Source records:

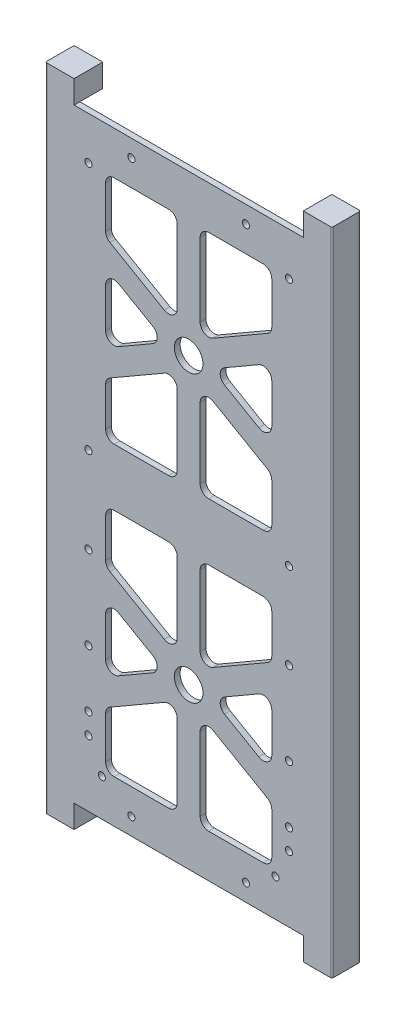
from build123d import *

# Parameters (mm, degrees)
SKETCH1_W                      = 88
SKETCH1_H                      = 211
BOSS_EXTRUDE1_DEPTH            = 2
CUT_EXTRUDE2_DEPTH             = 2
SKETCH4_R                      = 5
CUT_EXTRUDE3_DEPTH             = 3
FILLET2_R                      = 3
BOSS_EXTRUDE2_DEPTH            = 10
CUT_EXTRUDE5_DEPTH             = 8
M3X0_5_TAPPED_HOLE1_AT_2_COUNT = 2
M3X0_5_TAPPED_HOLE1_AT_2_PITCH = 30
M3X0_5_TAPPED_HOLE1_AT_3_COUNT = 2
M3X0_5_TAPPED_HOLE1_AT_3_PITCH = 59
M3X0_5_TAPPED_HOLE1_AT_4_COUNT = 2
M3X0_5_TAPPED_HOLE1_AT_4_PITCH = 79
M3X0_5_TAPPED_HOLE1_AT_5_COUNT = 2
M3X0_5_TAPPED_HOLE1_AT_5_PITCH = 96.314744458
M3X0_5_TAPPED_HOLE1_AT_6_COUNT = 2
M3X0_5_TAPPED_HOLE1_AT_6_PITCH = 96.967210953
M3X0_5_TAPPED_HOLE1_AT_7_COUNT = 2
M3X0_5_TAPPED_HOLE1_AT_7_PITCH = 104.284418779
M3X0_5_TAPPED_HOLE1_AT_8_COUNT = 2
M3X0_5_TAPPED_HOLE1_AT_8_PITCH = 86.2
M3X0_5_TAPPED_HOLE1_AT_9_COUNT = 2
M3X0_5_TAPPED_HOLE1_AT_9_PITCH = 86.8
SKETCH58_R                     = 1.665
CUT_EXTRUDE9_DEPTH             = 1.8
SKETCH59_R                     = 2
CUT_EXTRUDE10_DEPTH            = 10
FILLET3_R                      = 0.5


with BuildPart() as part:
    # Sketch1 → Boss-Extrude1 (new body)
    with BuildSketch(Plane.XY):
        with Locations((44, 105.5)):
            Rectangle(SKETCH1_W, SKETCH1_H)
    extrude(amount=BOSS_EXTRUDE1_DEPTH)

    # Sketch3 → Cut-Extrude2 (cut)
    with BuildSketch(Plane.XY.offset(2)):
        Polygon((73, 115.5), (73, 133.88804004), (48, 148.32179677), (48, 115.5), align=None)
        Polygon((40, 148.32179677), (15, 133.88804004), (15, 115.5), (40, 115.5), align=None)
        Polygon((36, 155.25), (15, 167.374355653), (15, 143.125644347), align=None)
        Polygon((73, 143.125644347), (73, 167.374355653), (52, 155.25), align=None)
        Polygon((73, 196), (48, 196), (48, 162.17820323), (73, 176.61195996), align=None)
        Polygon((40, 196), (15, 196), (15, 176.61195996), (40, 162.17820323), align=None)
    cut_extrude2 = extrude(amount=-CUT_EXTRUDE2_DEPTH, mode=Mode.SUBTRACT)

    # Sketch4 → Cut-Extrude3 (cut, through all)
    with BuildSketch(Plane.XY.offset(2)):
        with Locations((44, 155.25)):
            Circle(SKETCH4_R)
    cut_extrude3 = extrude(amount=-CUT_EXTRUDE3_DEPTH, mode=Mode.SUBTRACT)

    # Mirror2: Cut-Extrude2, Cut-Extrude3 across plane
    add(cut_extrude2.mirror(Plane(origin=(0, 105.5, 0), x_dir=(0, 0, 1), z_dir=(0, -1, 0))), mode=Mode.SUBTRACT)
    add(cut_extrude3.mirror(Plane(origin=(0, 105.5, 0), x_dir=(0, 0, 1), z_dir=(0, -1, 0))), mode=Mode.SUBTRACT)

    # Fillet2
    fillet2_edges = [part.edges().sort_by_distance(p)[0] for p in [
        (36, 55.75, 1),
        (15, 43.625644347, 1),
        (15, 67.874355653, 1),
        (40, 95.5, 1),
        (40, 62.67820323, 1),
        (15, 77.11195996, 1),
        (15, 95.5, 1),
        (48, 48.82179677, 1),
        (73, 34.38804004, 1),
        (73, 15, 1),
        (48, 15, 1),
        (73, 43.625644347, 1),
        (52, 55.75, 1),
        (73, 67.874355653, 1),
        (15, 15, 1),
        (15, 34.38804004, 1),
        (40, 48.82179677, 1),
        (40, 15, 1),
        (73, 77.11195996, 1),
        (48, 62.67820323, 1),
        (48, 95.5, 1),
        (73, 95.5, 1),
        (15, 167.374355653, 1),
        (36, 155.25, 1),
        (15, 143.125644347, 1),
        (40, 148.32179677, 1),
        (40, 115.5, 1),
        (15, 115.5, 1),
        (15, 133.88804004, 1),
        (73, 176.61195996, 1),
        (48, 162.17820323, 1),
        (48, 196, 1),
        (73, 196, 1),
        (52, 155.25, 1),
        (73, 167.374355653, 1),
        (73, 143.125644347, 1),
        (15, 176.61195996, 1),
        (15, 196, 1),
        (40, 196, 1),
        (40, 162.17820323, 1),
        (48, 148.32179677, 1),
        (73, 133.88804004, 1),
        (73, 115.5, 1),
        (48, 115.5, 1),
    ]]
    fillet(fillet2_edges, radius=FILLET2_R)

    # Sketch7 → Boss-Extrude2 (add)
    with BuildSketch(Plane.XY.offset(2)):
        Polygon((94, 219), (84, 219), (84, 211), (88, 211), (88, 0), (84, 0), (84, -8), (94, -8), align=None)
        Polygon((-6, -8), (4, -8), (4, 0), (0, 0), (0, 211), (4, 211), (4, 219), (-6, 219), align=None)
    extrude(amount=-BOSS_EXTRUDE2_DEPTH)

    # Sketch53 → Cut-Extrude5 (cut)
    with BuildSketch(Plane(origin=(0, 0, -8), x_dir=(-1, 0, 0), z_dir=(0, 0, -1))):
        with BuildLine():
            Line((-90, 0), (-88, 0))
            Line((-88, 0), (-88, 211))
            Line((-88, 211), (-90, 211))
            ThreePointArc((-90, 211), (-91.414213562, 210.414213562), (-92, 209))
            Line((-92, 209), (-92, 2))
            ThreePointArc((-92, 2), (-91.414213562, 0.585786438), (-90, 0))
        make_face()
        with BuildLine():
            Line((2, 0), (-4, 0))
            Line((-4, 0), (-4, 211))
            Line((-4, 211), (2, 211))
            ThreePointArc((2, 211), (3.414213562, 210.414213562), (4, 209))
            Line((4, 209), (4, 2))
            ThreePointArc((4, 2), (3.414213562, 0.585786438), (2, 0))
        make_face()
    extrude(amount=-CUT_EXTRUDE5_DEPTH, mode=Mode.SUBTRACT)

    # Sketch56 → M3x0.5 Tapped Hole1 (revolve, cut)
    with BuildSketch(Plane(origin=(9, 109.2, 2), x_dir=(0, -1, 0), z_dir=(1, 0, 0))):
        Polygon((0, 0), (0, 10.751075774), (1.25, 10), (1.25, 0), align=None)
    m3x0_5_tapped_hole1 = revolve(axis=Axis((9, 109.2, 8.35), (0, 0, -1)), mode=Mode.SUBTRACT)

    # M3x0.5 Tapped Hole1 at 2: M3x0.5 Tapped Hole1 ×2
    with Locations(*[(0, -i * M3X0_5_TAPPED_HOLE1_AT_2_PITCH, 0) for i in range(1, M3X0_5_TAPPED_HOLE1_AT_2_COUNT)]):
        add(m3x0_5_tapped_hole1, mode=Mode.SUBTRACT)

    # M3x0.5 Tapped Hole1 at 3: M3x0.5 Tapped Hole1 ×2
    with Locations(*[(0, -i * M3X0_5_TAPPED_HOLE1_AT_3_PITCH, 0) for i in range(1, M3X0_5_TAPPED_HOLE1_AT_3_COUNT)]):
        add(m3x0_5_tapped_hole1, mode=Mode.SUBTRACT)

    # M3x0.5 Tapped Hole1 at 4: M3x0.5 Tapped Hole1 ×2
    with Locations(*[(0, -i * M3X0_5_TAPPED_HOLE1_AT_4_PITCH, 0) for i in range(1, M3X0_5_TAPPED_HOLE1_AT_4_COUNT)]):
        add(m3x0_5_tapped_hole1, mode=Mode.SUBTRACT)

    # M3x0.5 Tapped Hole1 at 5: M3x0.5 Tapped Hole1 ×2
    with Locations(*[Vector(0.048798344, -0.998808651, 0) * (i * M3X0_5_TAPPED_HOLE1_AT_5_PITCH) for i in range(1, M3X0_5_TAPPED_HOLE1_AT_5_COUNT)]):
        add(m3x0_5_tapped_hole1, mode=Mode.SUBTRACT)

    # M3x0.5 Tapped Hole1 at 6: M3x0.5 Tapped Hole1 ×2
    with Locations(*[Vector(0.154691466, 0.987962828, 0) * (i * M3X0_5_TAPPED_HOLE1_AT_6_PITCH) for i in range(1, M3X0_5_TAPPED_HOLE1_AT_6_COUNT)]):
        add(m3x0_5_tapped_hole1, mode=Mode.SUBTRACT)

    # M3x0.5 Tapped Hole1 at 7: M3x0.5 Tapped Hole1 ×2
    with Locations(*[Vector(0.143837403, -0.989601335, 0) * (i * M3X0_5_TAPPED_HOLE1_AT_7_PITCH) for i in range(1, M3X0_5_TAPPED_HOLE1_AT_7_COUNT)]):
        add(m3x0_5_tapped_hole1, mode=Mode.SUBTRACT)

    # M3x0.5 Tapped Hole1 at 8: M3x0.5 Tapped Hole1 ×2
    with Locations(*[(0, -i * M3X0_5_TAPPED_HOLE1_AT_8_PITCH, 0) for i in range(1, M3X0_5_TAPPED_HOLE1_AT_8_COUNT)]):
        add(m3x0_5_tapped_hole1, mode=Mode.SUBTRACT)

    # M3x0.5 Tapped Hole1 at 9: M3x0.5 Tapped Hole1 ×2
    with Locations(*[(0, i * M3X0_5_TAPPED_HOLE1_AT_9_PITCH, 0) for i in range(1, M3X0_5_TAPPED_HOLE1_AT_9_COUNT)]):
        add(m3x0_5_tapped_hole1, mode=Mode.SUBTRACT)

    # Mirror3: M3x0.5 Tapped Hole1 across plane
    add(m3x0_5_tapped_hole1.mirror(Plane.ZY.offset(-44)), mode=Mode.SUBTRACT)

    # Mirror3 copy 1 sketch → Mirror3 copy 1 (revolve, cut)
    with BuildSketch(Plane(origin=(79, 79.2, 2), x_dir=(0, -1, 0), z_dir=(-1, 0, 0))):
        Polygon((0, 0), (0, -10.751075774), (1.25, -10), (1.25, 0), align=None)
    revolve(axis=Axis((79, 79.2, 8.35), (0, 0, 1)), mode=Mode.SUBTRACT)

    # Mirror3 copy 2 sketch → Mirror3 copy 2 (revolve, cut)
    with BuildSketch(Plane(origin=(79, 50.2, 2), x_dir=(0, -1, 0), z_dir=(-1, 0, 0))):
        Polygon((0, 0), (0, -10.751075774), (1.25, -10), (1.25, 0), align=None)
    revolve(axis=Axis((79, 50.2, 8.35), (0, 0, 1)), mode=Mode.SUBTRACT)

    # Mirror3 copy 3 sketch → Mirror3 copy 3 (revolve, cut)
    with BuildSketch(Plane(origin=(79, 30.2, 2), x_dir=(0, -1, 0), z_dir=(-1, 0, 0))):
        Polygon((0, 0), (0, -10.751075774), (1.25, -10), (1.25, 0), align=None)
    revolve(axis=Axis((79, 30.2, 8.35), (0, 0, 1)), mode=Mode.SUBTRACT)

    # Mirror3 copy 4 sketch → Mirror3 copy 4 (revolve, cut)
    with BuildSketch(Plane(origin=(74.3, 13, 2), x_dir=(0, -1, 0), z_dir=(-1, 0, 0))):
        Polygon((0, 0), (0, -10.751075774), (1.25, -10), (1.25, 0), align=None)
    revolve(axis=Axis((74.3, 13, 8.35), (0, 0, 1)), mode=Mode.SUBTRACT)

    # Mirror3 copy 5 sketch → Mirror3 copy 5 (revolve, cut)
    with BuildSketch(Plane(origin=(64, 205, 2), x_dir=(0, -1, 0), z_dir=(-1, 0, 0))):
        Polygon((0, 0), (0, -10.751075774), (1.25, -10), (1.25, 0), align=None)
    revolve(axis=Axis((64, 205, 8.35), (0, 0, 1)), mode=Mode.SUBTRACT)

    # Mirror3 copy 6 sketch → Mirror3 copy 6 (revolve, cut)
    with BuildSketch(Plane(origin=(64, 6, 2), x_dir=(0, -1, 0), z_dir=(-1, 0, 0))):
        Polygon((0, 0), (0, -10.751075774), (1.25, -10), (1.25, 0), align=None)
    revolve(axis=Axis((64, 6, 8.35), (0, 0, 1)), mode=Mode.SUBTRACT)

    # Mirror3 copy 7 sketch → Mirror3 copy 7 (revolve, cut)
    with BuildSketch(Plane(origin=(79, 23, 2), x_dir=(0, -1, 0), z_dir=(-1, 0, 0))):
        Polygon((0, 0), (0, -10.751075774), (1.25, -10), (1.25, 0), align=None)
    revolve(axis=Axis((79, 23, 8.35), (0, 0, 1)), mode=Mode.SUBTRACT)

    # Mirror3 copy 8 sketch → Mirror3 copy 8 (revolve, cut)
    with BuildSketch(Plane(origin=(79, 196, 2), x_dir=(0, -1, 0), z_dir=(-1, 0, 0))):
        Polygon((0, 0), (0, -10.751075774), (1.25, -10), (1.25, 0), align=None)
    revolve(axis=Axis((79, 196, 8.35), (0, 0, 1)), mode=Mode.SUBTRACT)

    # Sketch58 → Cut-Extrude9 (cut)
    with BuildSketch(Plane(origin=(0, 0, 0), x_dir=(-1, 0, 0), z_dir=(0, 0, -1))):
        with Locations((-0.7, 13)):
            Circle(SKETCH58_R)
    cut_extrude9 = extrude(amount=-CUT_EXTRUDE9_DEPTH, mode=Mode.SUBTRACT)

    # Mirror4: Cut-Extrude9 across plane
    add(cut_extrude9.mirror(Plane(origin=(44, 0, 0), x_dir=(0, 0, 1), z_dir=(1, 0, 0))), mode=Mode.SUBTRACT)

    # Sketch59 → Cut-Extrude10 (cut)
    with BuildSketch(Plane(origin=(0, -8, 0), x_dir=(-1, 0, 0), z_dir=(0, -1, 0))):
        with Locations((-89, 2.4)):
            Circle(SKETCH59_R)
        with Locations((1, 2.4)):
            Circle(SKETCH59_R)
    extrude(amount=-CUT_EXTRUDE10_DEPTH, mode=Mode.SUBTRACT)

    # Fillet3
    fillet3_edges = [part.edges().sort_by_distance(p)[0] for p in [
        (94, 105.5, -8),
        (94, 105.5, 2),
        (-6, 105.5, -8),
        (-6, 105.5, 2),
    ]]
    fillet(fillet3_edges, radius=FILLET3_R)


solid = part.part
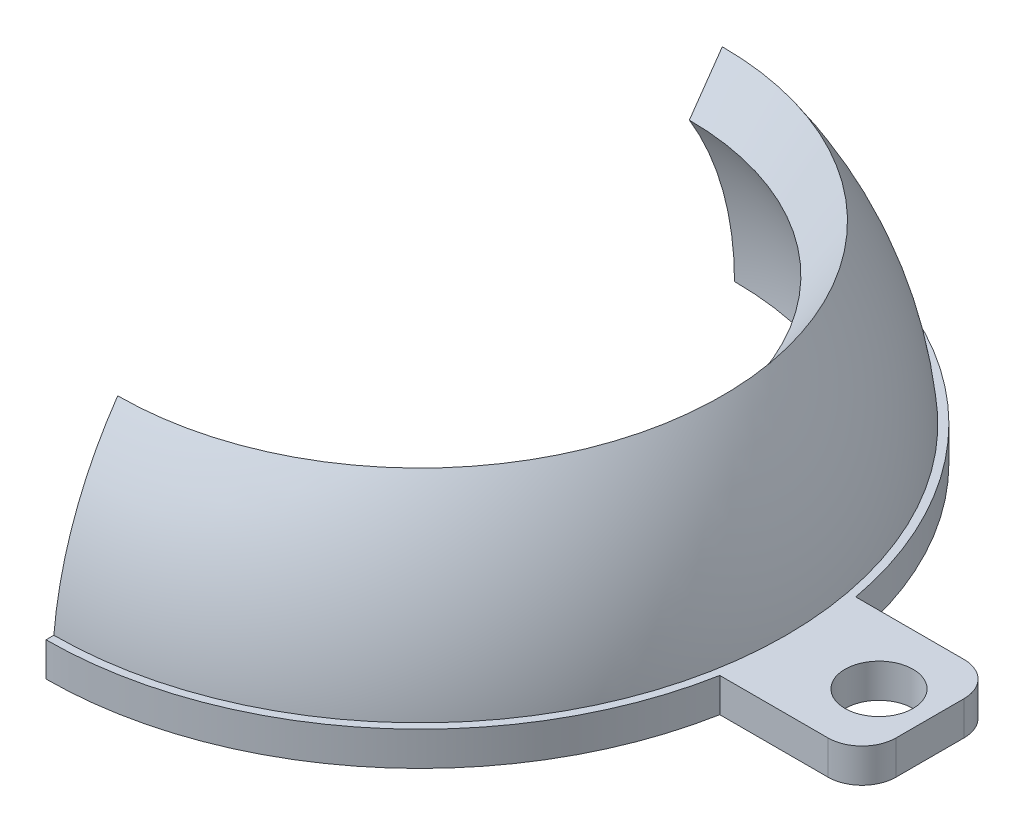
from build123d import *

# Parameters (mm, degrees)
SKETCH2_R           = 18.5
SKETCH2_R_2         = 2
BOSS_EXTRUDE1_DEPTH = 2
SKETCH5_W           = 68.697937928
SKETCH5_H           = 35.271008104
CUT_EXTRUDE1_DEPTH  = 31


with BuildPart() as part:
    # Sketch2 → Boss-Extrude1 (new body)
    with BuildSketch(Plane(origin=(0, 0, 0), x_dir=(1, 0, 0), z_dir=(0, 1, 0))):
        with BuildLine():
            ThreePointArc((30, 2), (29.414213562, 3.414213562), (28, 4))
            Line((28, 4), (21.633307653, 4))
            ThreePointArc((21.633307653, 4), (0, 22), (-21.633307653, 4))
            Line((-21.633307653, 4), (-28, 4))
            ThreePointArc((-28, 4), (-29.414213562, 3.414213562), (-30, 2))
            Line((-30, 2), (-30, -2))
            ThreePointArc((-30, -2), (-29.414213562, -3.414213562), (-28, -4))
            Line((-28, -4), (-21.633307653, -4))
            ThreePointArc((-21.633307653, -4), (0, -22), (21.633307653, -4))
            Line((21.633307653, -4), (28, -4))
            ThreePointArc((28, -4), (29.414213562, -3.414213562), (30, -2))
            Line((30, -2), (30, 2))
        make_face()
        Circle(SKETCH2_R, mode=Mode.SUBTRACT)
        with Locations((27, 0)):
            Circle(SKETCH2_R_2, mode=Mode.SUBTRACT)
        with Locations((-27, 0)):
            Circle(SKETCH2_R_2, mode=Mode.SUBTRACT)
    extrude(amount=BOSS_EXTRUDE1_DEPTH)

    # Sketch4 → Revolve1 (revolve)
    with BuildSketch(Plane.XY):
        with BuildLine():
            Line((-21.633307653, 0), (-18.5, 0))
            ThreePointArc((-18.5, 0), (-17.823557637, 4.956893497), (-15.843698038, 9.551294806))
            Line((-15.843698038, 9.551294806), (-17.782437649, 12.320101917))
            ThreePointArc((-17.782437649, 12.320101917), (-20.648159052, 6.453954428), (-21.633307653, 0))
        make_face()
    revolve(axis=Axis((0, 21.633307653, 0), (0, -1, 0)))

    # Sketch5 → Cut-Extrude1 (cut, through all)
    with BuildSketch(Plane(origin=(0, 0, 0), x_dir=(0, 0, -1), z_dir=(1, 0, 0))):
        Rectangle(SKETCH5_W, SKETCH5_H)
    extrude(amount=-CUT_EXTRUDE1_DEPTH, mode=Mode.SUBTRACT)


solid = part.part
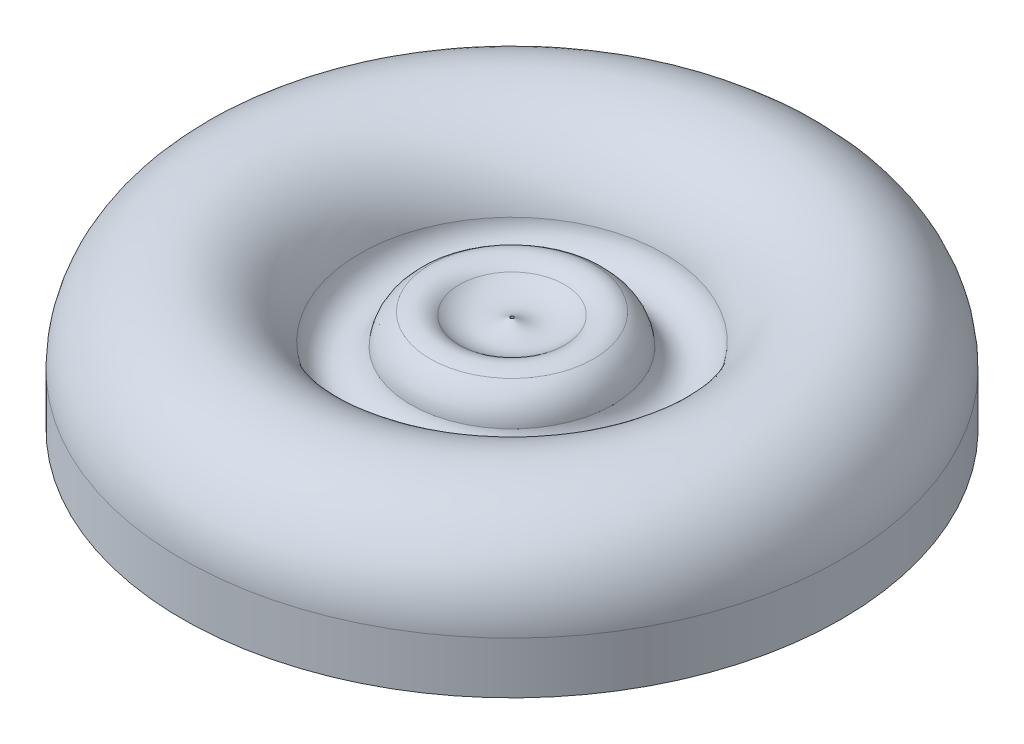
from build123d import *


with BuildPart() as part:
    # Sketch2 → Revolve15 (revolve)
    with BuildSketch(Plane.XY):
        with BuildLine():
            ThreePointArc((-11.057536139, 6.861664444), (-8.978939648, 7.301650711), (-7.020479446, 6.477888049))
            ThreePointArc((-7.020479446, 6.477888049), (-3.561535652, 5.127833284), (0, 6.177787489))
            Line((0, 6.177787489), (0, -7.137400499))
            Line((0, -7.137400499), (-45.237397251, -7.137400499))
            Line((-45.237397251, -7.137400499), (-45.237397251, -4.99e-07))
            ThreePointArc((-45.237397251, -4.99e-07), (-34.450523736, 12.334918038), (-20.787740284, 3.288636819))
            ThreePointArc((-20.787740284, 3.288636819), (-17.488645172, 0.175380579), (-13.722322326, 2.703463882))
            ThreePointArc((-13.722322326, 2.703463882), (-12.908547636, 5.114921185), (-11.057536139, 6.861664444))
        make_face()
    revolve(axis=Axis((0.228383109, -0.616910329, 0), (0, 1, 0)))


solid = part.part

§ Exercise directions:
The result is a copy of every line above where the word "amount" shows up.

§ Reply:
    extrude(amount=BOSS_EXTRUDE1_DEPTH)
    cut_extrude2 = extrude(amount=-CUT_EXTRUDE2_DEPTH, mode=Mode.SUBTRACT)
    cut_extrude3 = extrude(amount=-CUT_EXTRUDE3_DEPTH, mode=Mode.SUBTRACT)
    extrude(amount=-BOSS_EXTRUDE2_DEPTH)
    extrude(amount=-CUT_EXTRUDE5_DEPTH, mode=Mode.SUBTRACT)
    cut_extrude9 = extrude(amount=-CUT_EXTRUDE9_DEPTH, mode=Mode.SUBTRACT)
    extrude(amount=-CUT_EXTRUDE10_DEPTH, mode=Mode.SUBTRACT)
    extrude(amount=BOSS_EXTRUDE1_DEPTH)
    extrude(amount=-CUT_EXTRUDE1_DEPTH, mode=Mode.SUBTRACT)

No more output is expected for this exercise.